• [Exercise directions]
Copy exactly the lines of the records below, and only those lines, beginning with the line that contains "#54=FACE_BOUND('',#53,.T.);" and ending with the line that contains "#65=CLOSED_SHELL('',(#46,#55,#64));".
* * * * *
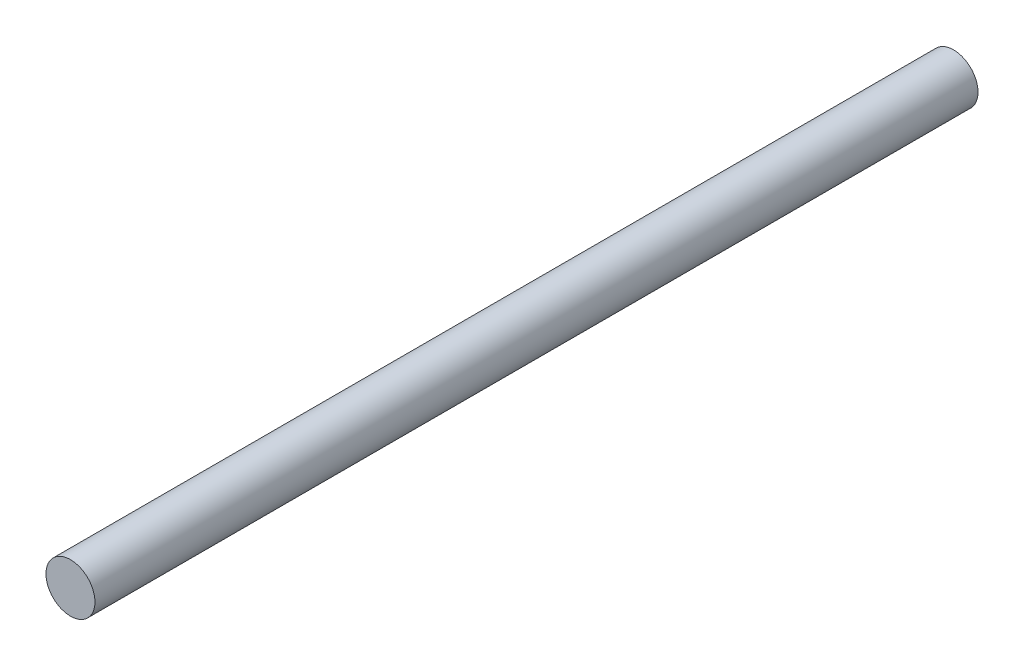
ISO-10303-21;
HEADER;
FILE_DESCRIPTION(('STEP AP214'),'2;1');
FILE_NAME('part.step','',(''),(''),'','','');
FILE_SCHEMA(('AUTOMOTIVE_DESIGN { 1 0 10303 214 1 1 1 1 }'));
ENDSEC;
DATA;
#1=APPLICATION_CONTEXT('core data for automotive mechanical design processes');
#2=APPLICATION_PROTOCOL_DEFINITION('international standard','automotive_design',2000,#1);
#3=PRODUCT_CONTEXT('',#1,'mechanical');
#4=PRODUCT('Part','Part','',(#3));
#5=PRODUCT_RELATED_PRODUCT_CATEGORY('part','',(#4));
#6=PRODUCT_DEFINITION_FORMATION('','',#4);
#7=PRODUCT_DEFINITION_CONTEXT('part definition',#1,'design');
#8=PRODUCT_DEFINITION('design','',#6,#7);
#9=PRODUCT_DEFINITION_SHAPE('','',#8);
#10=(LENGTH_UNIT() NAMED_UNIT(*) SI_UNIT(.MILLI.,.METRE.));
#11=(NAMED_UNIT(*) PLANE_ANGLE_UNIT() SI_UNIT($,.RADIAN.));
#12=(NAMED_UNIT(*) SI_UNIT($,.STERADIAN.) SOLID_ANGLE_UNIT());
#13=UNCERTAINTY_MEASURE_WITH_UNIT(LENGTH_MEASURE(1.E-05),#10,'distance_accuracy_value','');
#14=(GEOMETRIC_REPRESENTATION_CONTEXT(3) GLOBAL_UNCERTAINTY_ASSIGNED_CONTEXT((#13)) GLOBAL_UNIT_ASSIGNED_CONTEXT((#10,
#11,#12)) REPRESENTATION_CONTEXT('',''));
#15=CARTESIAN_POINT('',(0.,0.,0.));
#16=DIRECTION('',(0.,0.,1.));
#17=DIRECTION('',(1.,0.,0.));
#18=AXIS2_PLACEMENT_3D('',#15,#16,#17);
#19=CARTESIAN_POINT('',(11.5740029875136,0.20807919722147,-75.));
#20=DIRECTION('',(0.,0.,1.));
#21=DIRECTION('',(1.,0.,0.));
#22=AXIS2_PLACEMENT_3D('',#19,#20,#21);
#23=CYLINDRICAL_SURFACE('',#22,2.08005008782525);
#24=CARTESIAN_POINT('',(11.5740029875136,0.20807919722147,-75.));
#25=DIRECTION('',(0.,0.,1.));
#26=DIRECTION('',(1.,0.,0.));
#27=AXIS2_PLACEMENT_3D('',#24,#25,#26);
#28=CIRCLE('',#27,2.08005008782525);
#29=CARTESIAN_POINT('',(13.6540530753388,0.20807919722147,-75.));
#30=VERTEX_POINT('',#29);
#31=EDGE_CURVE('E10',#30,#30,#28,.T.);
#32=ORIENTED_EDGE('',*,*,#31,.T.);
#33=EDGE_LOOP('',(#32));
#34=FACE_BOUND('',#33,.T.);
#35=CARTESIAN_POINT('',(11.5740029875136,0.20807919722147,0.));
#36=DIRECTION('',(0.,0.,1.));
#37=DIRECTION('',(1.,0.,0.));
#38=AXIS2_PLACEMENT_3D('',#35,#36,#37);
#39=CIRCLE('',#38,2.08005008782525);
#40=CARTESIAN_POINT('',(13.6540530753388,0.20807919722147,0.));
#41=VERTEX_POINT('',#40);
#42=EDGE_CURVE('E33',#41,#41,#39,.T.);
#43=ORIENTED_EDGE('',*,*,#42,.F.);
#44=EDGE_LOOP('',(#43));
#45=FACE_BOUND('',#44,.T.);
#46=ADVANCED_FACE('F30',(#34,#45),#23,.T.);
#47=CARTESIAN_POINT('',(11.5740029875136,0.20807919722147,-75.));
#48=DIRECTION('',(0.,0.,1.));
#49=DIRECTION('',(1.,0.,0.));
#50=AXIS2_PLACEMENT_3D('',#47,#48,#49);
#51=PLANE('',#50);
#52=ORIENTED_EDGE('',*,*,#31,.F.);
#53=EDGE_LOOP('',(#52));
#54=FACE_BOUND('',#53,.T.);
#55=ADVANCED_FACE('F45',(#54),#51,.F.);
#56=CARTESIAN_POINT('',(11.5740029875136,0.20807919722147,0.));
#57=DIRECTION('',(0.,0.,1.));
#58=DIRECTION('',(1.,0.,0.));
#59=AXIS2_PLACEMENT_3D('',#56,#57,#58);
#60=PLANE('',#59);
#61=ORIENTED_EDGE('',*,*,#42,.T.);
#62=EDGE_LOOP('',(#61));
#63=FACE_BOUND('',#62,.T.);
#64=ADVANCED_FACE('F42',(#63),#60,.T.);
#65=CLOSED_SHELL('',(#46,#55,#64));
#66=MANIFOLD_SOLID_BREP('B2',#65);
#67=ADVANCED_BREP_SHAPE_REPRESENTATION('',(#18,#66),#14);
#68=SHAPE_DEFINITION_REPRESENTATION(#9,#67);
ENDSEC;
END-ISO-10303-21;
* * * * *
• [Answer]
#54=FACE_BOUND('',#53,.T.);
#55=ADVANCED_FACE('F45',(#54),#51,.F.);
#56=CARTESIAN_POINT('',(11.5740029875136,0.20807919722147,0.));
#57=DIRECTION('',(0.,0.,1.));
#58=DIRECTION('',(1.,0.,0.));
#59=AXIS2_PLACEMENT_3D('',#56,#57,#58);
#60=PLANE('',#59);
#61=ORIENTED_EDGE('',*,*,#42,.T.);
#62=EDGE_LOOP('',(#61));
#63=FACE_BOUND('',#62,.T.);
#64=ADVANCED_FACE('F42',(#63),#60,.T.);
#65=CLOSED_SHELL('',(#46,#55,#64));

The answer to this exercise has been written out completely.